I chose the sniper the first time around and got bored of one shot KO'ing everything around half way through, so I started again with the female character. Elemental weapons are great, especially the corrosive ones.


----------



## mrs quoad (Nov 9, 2012)

Coming to mac November 20th.

Awesome sauce


----------



## Dandred (Nov 11, 2012)

I'm not sure I like this game, maybe I'm too old......feels like you need to have AHD to enjoy this, just too much mentalness going on, not just the game but the menus are just really hard to get my head round...


----------



## Sunray (Nov 11, 2012)

That does take a bit of time to get use to, but they are much better laid out than the previous one. 

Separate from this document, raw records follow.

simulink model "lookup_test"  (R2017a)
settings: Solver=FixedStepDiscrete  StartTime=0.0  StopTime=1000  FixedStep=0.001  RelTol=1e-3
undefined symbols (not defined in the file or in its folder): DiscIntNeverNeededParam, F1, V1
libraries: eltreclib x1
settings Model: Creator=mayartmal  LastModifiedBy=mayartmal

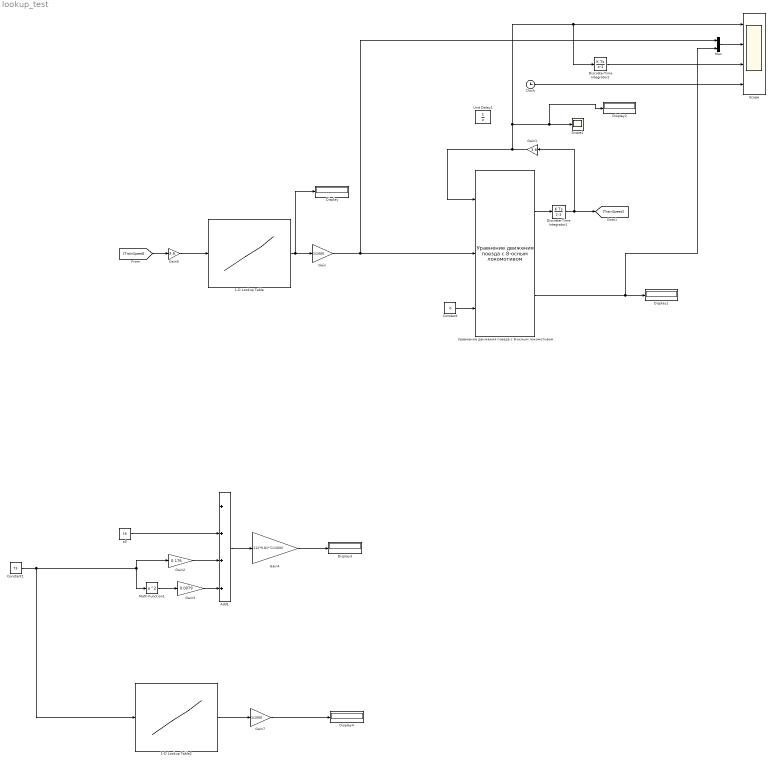
== system lookup_test ==
  1-D Lookup Table : Lookup_n-D  NumberOfTableDimensions=1  BreakpointsForDimension1=V1  Table=F1  InternalRulePriority=Speed  RndMeth=Simplest  InputSameDT=on
  1-D Lookup Table2 : Lookup_n-D  NumberOfTableDimensions=1  BreakpointsForDimension1=V1  Table=F1  InternalRulePriority=Speed  RndMeth=Simplest  InputSameDT=on
  Add1 : Sum  Inputs=++++
  Clock : Clock
  Constant : Constant  Value=0
  Constant1 : Constant  Value=73
  Discrete-Time Integrator1 : DiscreteIntegrator  InitialConditionSetting=State (most efficient)  SampleTime=-1  ICPrevOutput=DiscIntNeverNeededParam  ICPrevScaledInput=DiscIntNeverNeededParam
  Discrete-Time Integrator2 : DiscreteIntegrator  InitialConditionSetting=State (most efficient)  SampleTime=-1  ICPrevOutput=DiscIntNeverNeededParam  ICPrevScaledInput=DiscIntNeverNeededParam
  Display{,1..4} (5 alike) : Display
  Gain : Gain  Gain=1/1000
  Gain1 : Gain  Gain=3.6
  Gain2 : Gain  Gain=0.176
  Gain3 : Gain  Gain=0.0079
  Gain4 : Gain  Gain=112*9.81*(1/1000)
  Gain5 : Gain  Gain=3.6
  Gain7 : Gain  Gain=1/1000
  Math Function1 : Math  Operator=square  SaturateOnIntegerOverflow=on
  Mux : Mux  Inputs=2
  Scope : Scope  NumInputPorts=4
  Scope1 : Scope
  Unit Delay1 : UnitDelay  SampleTime=-1
  a0 : Constant  Value=16
  Уравнение движения поезда c 8-осным локомотивом : eltreclib/Уравнение движения поезда c 8-осным локомотивом  a0=16  a1=0.176  a2=0.0079  P=56*2
  wires:
  1-D Lookup Table/1 -> Display/1, Gain/1
  Constant1/1 -> 1-D Lookup Table2/1, Gain2/1, Math Function1/1
  Discrete-Time Integrator1/1 -> Gain1/1, [TrainSpeed]
  Уравнение движения поезда c 8-осным локомотивом/1 -> Discrete-Time Integrator1/1
  Constant/1 -> Уравнение движения поезда c 8-осным локомотивом/3
  Gain1/1 -> Discrete-Time Integrator2/1, Scope/1, Display2/1, Scope1/1, Уравнение движения поезда c 8-осным локомотивом/1
  Discrete-Time Integrator2/1 -> Scope/3
  Clock/1 -> Scope/4
  Gain/1 -> Mux/1, Уравнение движения поезда c 8-осным локомотивом/2
  Gain2/1 -> Add1/3
  Gain3/1 -> Add1/4
  Add1/1 -> Gain4/1
  a0/1 -> Add1/2
  ? -> Add1/1
  Math Function1/1 -> Gain3/1
  Gain4/1 -> Display3/1
  1-D Lookup Table2/1 -> Gain7/1
  Gain7/1 -> Display4/1
  Уравнение движения поезда c 8-осным локомотивом/2 -> Mux/2, Display1/1
  [TrainSpeed] -> Gain5/1
  Gain5/1 -> 1-D Lookup Table/1
  Mux/1 -> Scope/2

Some of the mission can be quite funny to complete.

Current items of note:
A very annoying sniper rifle that keeps making snide comments when I use it e.g. 'Serial killers thought they were good people too' , but does 5000 critical hit damage and has 50% fire chance.
A shield that has 850 shield capacity but a totally ridiculous 1400 recharge rate with 1.5 delay. Its nearly instant recharge but I'm not sure its that useful due to its capacity.
A grenade mod. 2100x9. Homes in on targets, explodes and scatters 9 more grenades fairly close. Can wipe out loads in one.


----------



## sim667 (Nov 16, 2012)

I've had this 3 days and still not had a chance to play it, as my housemate has a week off atm and always has a sitting room full of peoplem by the time I get home from work


----------



## Sunray (Nov 16, 2012)

Its been quite buggy.  They patched it and I ended up with 61 bad ass tokens.  Its dropping more regularly now.  I was getting nothing much at all until they patched it.  Mouse wheel on some lists does not scroll properly, supposed fixed.  I'm on a quest to find some stuff and one thing didn't drop.


----------



## golightly (Nov 16, 2012)

sim667 said:


> I've had this 3 days and still not had a chance to play it, as my housemate has a week off atm and always has a sitting room full of peoplem by the time I get home from work


 
Put your headphones on and ignore them.  That's what I do when I have visitors.


----------



## sim667 (Nov 16, 2012)

golightly said:


> Put your headphones on and ignore them. That's what I do when I have visitors.


 
Theyre always using the tv  They are kind of my freinds too, but more his

Almost tempted to move my xbox to my bedroom


----------



## Dandred (Nov 16, 2012)

sim667 said:


> Theyre always using the tv  They are kind of my freinds too, but more his
> 
> Almost tempted to move my xbox to my bedroom


 
You can always bring it back once you've had your fill!


----------



## Shippou-Sensei (Nov 16, 2012)

played a bitr of co-op with a freind  but was too fucked to remeber much


----------



## sim667 (Nov 16, 2012)

Dandred said:


> You can always bring it back once you've had your fill!


 
True.

Im hoping he'll fuck off out for most of the weekend.


----------



## stuff_it (Nov 17, 2012)

I just bought this.


----------



## stuff_it (Nov 17, 2012)

This is right up my street 

I'm no-where good enough to hand out my username yet though! 



mrs quoad said:


> Shit. Borderlands, Bioshock or Deus Ex?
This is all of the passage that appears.